Ewen MacAskill, Richard Norton-Taylor and Julian Borger
Wednesday November 16, 2005
The Guardian

The government is aiming to begin a phased withdrawal of troops from Iraq as early as the middle of next year, the Guardian has learned. Work on an exit strategy is at an advanced stage and there will be a significant change of approach by the government after the Iraq election on December 15.
With the first proper election in Iraq completed, Tony Blair and George Bush will be able to claim they have introduced democracy, making it easier for ministers and officials to begin talking openly about withdrawal.

Instead of the government mantra about "staying until asked by the Iraqis to leave", ministers and officials will make it clear that Britain is determined to leave next year if the insurgency allows. Initial discussions between the British and Iraqi governments about a timetable have already taken place. Full negotiations are scheduled to start as soon as possible after a new Iraqi government is formed.

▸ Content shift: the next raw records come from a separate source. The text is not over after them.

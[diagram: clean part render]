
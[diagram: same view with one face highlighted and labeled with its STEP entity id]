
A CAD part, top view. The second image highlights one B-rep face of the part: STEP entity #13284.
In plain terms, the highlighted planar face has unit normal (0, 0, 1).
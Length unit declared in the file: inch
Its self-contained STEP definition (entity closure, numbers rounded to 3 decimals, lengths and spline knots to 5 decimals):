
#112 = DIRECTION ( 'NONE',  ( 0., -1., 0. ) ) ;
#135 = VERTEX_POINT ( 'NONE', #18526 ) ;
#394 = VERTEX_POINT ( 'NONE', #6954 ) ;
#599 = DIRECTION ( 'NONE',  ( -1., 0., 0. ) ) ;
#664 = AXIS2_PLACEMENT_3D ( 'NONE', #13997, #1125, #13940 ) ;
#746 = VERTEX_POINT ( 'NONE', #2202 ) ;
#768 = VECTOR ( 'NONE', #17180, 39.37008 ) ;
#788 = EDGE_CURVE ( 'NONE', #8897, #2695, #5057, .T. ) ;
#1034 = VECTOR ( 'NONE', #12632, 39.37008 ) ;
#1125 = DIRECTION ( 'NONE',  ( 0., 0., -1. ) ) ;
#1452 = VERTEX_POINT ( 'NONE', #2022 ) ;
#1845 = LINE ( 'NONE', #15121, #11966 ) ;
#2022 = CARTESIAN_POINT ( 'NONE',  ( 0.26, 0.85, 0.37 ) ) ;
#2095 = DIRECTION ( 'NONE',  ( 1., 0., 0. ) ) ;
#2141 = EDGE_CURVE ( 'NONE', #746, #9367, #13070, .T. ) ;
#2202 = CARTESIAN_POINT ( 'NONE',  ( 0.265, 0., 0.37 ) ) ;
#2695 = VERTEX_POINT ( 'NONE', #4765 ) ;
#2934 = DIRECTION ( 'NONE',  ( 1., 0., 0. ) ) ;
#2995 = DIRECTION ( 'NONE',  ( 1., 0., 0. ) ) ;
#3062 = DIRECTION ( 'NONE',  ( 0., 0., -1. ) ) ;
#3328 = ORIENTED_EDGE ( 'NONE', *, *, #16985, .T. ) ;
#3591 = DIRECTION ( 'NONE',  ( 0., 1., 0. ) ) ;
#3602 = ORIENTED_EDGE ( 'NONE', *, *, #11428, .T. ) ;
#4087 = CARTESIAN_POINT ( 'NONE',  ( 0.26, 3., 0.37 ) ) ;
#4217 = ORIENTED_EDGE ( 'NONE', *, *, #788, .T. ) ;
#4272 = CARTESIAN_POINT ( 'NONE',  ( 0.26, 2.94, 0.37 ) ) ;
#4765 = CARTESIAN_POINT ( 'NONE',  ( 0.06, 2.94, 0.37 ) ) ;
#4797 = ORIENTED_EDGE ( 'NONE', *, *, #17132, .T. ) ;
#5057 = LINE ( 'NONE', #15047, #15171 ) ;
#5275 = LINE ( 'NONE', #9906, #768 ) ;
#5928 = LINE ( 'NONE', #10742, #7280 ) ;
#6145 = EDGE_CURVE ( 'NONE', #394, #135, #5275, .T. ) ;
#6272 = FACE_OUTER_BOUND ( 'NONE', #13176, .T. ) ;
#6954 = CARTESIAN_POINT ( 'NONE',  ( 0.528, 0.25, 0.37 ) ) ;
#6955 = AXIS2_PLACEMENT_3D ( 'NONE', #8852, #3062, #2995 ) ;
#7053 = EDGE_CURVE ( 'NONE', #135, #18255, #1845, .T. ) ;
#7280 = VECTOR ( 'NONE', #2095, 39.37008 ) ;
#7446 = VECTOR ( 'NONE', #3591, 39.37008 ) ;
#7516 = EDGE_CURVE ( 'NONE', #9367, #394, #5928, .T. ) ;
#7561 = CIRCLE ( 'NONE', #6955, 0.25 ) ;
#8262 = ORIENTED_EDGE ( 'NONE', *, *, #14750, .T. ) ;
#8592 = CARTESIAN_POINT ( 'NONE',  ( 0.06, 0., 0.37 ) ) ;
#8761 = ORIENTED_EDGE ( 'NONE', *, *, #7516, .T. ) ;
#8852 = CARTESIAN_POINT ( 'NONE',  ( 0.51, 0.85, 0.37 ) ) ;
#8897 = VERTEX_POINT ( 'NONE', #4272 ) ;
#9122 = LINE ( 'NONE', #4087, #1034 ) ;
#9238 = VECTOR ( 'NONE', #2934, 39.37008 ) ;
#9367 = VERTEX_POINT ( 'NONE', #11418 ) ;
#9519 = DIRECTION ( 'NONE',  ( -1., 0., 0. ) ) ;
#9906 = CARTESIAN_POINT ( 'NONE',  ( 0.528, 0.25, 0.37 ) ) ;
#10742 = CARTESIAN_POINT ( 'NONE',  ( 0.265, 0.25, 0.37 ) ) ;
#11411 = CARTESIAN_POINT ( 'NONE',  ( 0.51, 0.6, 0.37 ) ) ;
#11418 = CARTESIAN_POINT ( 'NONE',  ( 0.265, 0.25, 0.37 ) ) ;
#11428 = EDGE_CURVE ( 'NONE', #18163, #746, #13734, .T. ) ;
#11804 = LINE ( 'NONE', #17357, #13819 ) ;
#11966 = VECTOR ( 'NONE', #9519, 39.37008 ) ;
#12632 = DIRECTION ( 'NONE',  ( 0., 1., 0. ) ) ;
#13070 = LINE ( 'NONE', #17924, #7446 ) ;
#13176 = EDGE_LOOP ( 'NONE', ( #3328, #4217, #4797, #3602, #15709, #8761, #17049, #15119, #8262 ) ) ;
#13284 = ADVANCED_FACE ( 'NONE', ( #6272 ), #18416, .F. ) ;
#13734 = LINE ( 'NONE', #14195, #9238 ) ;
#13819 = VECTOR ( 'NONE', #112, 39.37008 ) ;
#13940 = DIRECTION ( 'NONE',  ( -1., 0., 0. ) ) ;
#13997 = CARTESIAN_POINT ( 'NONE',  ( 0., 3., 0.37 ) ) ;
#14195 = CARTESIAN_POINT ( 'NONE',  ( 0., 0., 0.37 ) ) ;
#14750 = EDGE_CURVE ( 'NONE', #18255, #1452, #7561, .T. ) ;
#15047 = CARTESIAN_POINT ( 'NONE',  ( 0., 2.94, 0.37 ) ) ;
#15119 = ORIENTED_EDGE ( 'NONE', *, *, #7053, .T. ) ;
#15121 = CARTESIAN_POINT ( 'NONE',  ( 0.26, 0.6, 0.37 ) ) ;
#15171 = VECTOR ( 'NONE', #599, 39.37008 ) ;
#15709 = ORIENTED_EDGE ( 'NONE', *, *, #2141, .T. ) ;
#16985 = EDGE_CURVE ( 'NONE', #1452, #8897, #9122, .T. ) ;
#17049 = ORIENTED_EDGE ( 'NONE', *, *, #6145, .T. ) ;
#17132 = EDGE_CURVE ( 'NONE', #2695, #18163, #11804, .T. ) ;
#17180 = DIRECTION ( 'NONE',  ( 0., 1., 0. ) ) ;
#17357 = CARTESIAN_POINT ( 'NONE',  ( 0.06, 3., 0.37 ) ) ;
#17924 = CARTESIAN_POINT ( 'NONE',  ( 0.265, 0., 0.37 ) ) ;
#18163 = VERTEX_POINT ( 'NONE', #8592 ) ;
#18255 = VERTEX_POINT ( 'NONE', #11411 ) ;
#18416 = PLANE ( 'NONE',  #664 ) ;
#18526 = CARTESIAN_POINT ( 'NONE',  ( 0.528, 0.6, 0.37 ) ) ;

A joint statement from the Iraqi and British governments is to be published, setting out plans for handover of responsibility to the Iraqi army. Britain has about 8,500 soldiers in Iraq. The British intention is to have a phased withdrawal, province by province, with Maysan, north of Basra, likely to be first. The British government insists it will not go without the US. Although US forces are under daily attack, there are parts of its sector quiet enough to allow for handovers too.

British military commanders and defence officials confirmed yesterday that a significant number of troops could be withdrawn from Iraq next spring. They point to May when a new British brigade is due to replace the one which recently took over control of south-eastern Iraq.

Next May is also the month when around 4,000 British troops will be deployed to Afghanistan to take over the international peacekeeping force and replace US troops in the hostile south of the country.

Though military chiefs have told John Reid, the defence secretary, that Britain's Afghan commitment does not depend on a rundown of British troops in Iraq, there is no doubt the beginning of a withdrawal would help the overstretched army.

Mr Blair discussed the exit strategy on Monday with Adel Adbul Mahdi, the Iraqi vice-president who is likely to become prime minister after the election.

A British official said 3,000 could be withdrawn from Iraq without affecting the operational efficiency of the force.

Jalal Talabani, the Iraqi president, said at the weekend that all British troops could be out by the end of next year. Mr Reid was more cautious, suggesting that withdrawal could begin "by the end of next year".

Defence officials say the exit plan is based on extremely complex mix of political and security judgments. "There will be a balance between an operational risk and a political risk," one said. Political pressure might lead to a quick rundown which could compromise the safety of both Iraqi forces and the remaining British troops, officials say.

But British defence officials are also deeply concerned about the danger of a "dependency culture" developing in Iraq. "Only by pushing the case will you get real reform [of the Iraqi security forces]. And they may then stand on their own two feet. It is a complex judgment," said an official.

Impatience with the war also took new political shape in the US, where the Senate demanded that the Bush administration come up with a clearer strategy for ending the occupation. Senate Republicans rejected a Democratic call for a timetable for withdrawal, but passed a bill of their own that requires the White House to deliver comprehensive quarterly reports to Congress on progress towards US disengagement, and calls for Iraqi forces to take the lead in fighting the insurgency by next year.

A poll by Gallup, CNN and USA Today yesterday found that six in 10 Americans now think "it was not worth going to war in Iraq".